Going up?

There’s a serious lack of balance when it comes to consumerism these days, and that’s putting it mildly. From milk to bread, gasoline, cable television to the occasional cinematic outing, everything under the sun – as far as cost is concerned – is now on board an out-of-control rollercoaster, elevator, escalator or similar conveyance that, unfortunately, only goes up.

As a student, I was a mediocre economist at best. Let’s be honest, economy class had little chance (actually no chance at all) in the face of guitar, guitar and well, more guitar throughout my senior year of high school. But I did, and still do, understand the concept of supply and demand.

And that’s a big part of our problem at this point, worldwide. Hypothetically speaking, when, if ever, will supply truly outweigh demand as our population continues to grow, resources continue to dwindle and more and more people cease to care one way or the other?

These are tough questions, with even tougher answers awaiting us prior to an outcome we can neither imagine nor comprehend, in my opinion.

Collectively, we’re much like a young child who simply can’t understand why mom and dad can’t afford to buy a toy every time we visit the local department store, can’t swing that “name-brand” half-gallon of ice cream or fund a weekly trip to the nearest fast-food joint. It’s as if we feel entitled to, well, whatever we happen to want, whenever we happen to want it.

I hate to break it to you, but that type of attitude is getting us nowhere, and fast. Not to mention the fact that it’s a decidedly dangerous outlook in the long run.

Face it, we’re running out of a lot of things these days, from clean air and water to affordable gas, groceries, shelter and clothing. It all costs more, even as, as a majority, we bring in less and less.

When you think about it, it wasn’t all that long ago that a gallon of gas went for less than a buck. In fact, I can remember paying 99 cents just over a decade ago while living in northern Vermont. Now we’re being told to expect the price of gas to soar as high as $5 per gallon this summer. So much for that vacation up north, I guess.

And don’t get me started on the absolutely depressing experience that is the grocery store these days. It’s gotten to the point where I don’t even bother looking at an item’s price or searching for that elusive “bargain buy.”

Why bother? No matter what I happen to be shopping for nowadays, I can practically guarantee it’s going to be more expensive than I’d expected. Sadly, that’s just how it is.

As for clean air and water, well, let’s just say I shudder every time I hear someone casually throw out there, “Hey, it’s free, isn’t it?”

No, I’m sorry to say, it isn’t.

It’s far too easy to ignore the enormous responsibility that comes with our habitation of this planet. One which we’ve failed, miserably I might add, to live up to. Just hop on the old laptop and do a quick Google search for “smog images” and then try to tell me we’re not causing irreparable harm to our planet.

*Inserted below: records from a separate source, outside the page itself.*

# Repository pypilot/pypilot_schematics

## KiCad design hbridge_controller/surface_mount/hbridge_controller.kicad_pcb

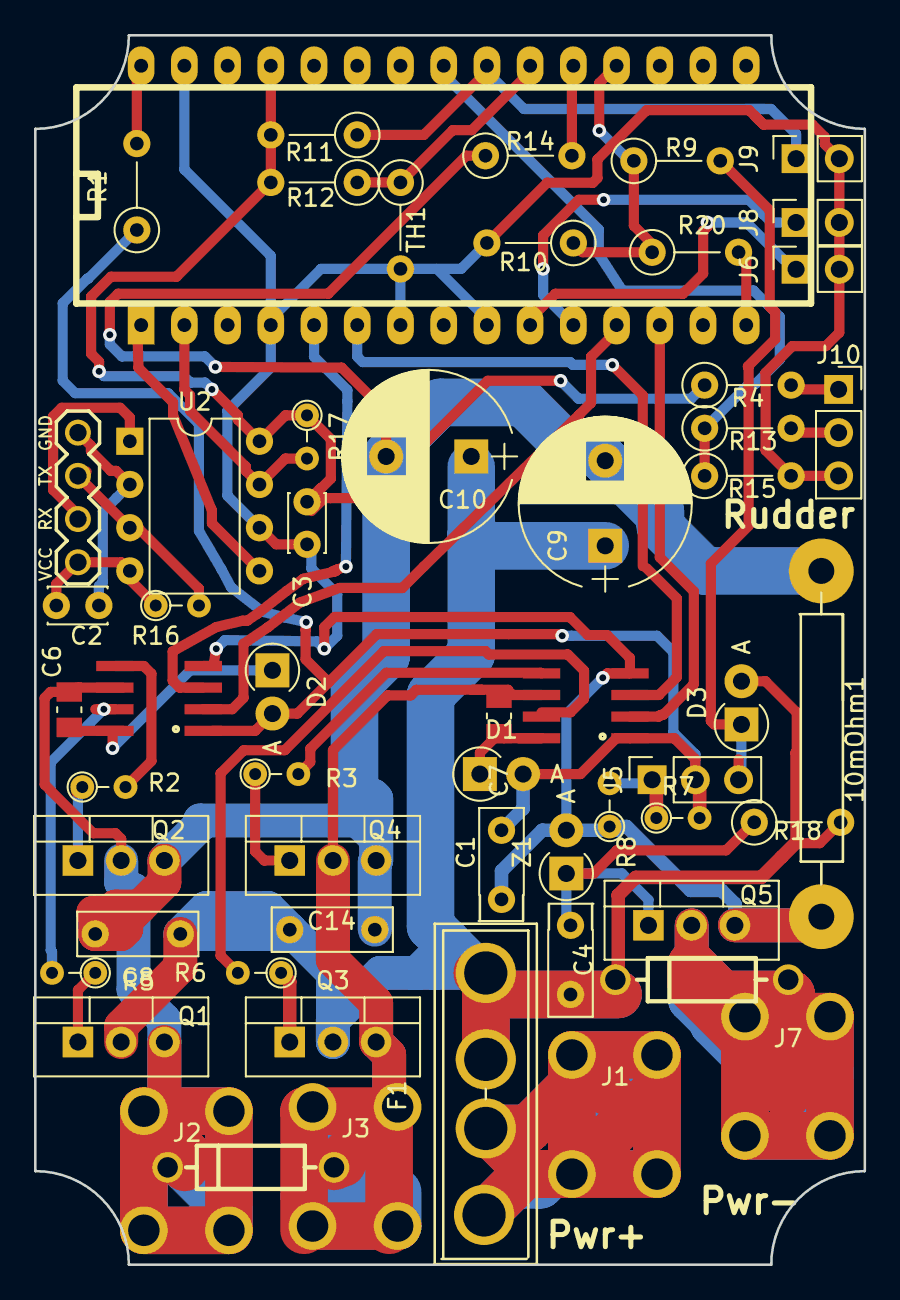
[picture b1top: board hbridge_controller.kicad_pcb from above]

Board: 2 copper layers, 48.8 x 72.2 mm, 57 parts (0 on the bottom side), 43 nets.

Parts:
10mOhm1: R; Resistor_Horizontal_RM10mm
A1: Arduino_Nano_v3.x; arduino_mini
C1, C4: 4.7uF; C_Disc_D5.0mm_W2.5mm_P2.50mm
C2, C3: .1uF; C_Disc_D3.4mm_W2.1mm_P2.50mm
C6, C7: .22uF; C_0805_2012Metric_Pad1.15x1.50mm_HandSolder
C8, C14: 4.7uF; C_Disc_D7.0mm_W2.5mm_P5.00mm
C9, C10: 330uF; CP_Radial_D10.0mm_P5.00mm
D1, D2, D3: 1N4001; D_T-1_P2.54mm_Vertical_AnodeUp
F1: FUSE; BladeFuse-CarType
J1: Pwr+; screw_terminal
J2: Motor A; screw_terminal
J3: Motor B; screw_terminal
J4: UART_Device; uart
J5: 12v REG/R; PinSocket_1x03_P2.54mm_Vertical
J6, J8, J9: Conn_01x02; PinSocket_1x02_P2.54mm_Vertical
J7: Pwr-; screw_terminal
J10: SENSE; PinSocket_1x03_P2.54mm_Vertical
Q1, Q2, Q3, Q4, Q5: Q_NMOS_GDS; TO-220-3_Vertical
R1: 100; R_Axial_DIN0207_L6.3mm_D2.5mm_P5.08mm_Vertical
R2, R3, R5, R6: 47; R_Axial_DIN0204_L3.6mm_D1.6mm_P2.54mm_Vertical
R4: 200; R_Axial_DIN0207_L6.3mm_D2.5mm_P5.08mm_Vertical
R7: 3900; R_Axial_DIN0204_L3.6mm_D1.6mm_P2.54mm_Vertical
R8: 560; R_Axial_DIN0204_L3.6mm_D1.6mm_P2.54mm_Vertical
R9, R18: 10k; R_Axial_DIN0207_L6.3mm_D2.5mm_P5.08mm_Vertical
R10, R14, R20: 560; R_Axial_DIN0207_L6.3mm_D2.5mm_P5.08mm_Vertical
R11, R12, R13: 100k; R_Axial_DIN0207_L6.3mm_D2.5mm_P5.08mm_Vertical
R15: 20k; R_Axial_DIN0207_L6.3mm_D2.5mm_P5.08mm_Vertical
R16, R17: 2.4k; R_Axial_DIN0204_L3.6mm_D1.6mm_P2.54mm_Vertical
TH1: Thermistor; R_Axial_DIN0207_L6.3mm_D2.5mm_P5.08mm_Vertical
TVS1: TVS; tvs
TVS2: TVS; DIODE-1N4001
U1, U3: NCP5106B; SO08_4mm
U2: cpc5001; DIP-8_W7.62mm
Z1: 10v; D_T-1_P2.54mm_Vertical_AnodeUp

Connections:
+5V: A1.27, C3.1, R4.1, R11.2, R12.2, R17.1, U2.8
+12V: C1.1, D1.2, D2.2, J5.2, R1.1, R7.2, U1.1, U3.1
/sense/PWMAH: A1.12, U1.2
/sense/PWMAL: A1.5, U1.3
/sense/PWMBH: A1.13, U3.2
/sense/PWMBL: A1.6, U3.3
/sense/Power: D3.1, J5.3, R9.2
/sense/Shunt: 10mOhm1.1, C8.2, C9.2, C10.2, C14.2, Q2.3, Q4.3, R14.1
GND: 10mOhm1.2, A1.4, A1.7, A1.9, A1.29, C1.2, C3.2, J6.2, J8.2, J9.2, J10.3, Q5.3, R8.1, R10.2, R15.2, TH1.2, U1.4, U2.6, U3.4, Z1.2
unnamed: A1.1, U2.5
unnamed: A1.2, R17.2, U2.7
unnamed: A1.10, J6.1
unnamed: A1.11, J8.1
unnamed: A1.15, R20.2
unnamed: A1.19, R9.1, R10.1, R20.1
unnamed: A1.20, R14.2
unnamed: A1.21, R12.1, TH1.1
unnamed: A1.22, J9.1, R11.1
unnamed: A1.23, R13.1, R15.1
unnamed: A1.30, R1.2
unnamed: C2.1, J4.1, R16.1, U2.4
unnamed: C2.2, J4.4, U2.2
unnamed: C4.2, Q5.1, R18.1, Z1.1
unnamed: C6.1, D2.1, U1.8
unnamed: C6.2, J2.1, Q1.3, Q2.2, TVS1.K, U1.6
unnamed: C7.1, D1.1, U3.8
unnamed: C7.2, J3.1, Q3.3, Q4.2, TVS1.A, U3.6
unnamed: F1.1, J1.1
unnamed: J4.2, U2.1
unnamed: J4.3, R16.2, U2.3
unnamed: J5.1, R7.1, R8.2
unnamed: J7.1, Q5.2, TVS2.A
unnamed: J10.1, R4.2
unnamed: J10.2, R13.2
unnamed: Q1.1, R5.1
unnamed: Q2.1, R2.1
unnamed: Q3.1, R6.1
unnamed: Q4.1, R3.1
unnamed: R2.2, U1.5
unnamed: R3.2, U3.5
unnamed: R5.2, U1.7
unnamed: R6.2, U3.7
VCC: C4.1, C8.1, C9.1, C10.1, C14.1, D3.2, F1.2, Q1.2, Q3.2, R18.2, TVS2.K

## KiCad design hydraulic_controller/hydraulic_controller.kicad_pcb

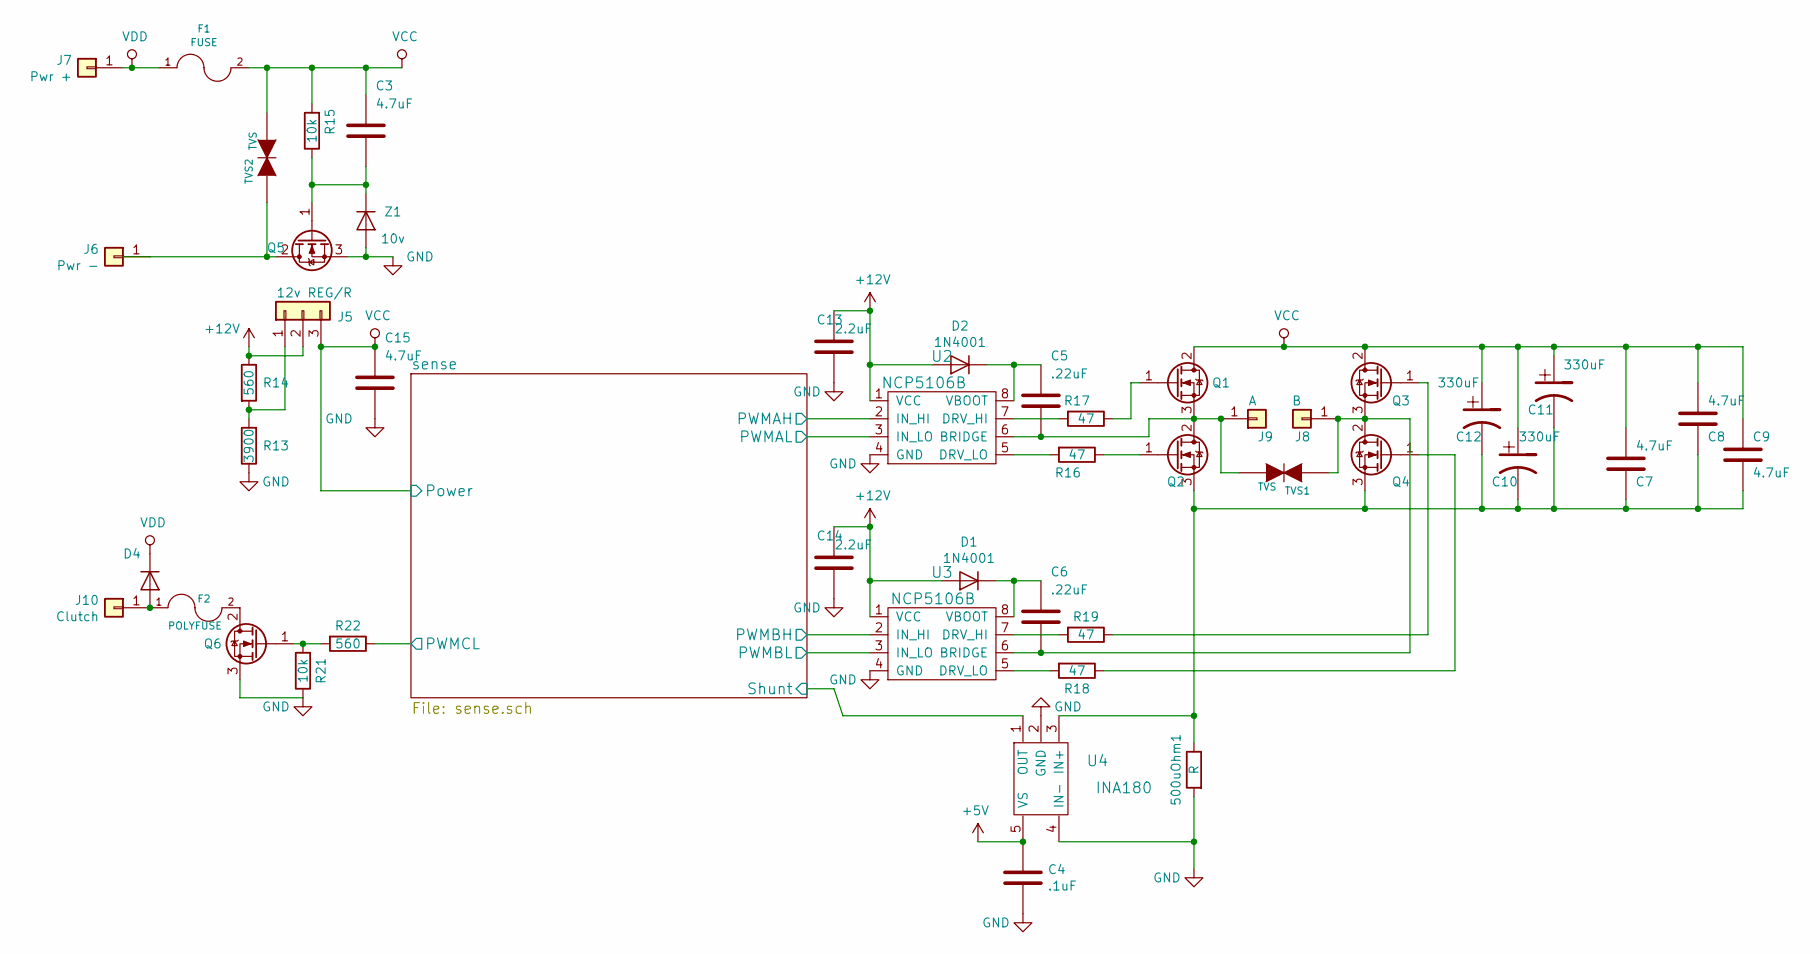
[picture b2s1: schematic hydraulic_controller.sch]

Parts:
500uOhm1: R; WSLF2512
C3, C7, C8, C9, C15: 4.7uF; C_Disc_D5.0mm_W2.5mm_P2.50mm
C4: .1uF; C_0805_2012Metric_Pad1.15x1.50mm_HandSolder
C5, C6: .22uF; C_0805_2012Metric_Pad1.15x1.50mm_HandSolder
C10, C11, C12: 330uF; CP_Radial_D16.0mm_P7.50mm
C13, C14: 2.2uF; C_1206_3216Metric_Pad1.24x1.80mm_HandSolder
D1, D2, D4: 1N4001; D_T-1_P2.54mm_Vertical_AnodeUp
F1: FUSE; MAXI FUSE CLIP
F2: POLYFUSE; R_Axial_DIN0207_L6.3mm_D2.5mm_P10.16mm_Horizontal
J5: 12v REG/R; SOT-223-3_TabPin2
J6: Pwr -; Power
J7: Pwr +; Power
J8: B; Power
J9: A; Power
J10: Clutch; Pin_d1.4mm_L8.5mm_W2.8mm_FlatFork
Q1, Q2, Q3, Q4, Q5, Q6: Q_NMOS_GDS; TO-220-3_Horizontal_nobolt
R13: 3900; R_Axial_DIN0204_L3.6mm_D1.6mm_P2.54mm_Vertical
R14: 560; R_Axial_DIN0204_L3.6mm_D1.6mm_P2.54mm_Vertical
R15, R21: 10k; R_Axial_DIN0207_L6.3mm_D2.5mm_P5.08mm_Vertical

Which is why, since the debate first began, I’ve had a tendency to side with environmentalists when it comes to pollution, climate change, sustainability, green energy and yes, drilling for oil and natural gas.

I’m reminded of that old saying, if it sounds too good to be true, it probably is. Ever hear that one?

Even as the cost of all these things we find so “vital” to our way of life continues to skyrocket, from a pair of blue jeans to a gallon of “all natural spring water,” I think we’re in for a big surprise in the near future if we don’t take some time to seriously re-examine our role here on Earth.

Here’s another saying I ran across the other day, spoken by renowned orator and diplomat Abba Eban, which sums my thoughts up nicely.

“History teaches us that men and nations behave wisely once they have exhausted all other resources.”

I couldn’t have said it better myself.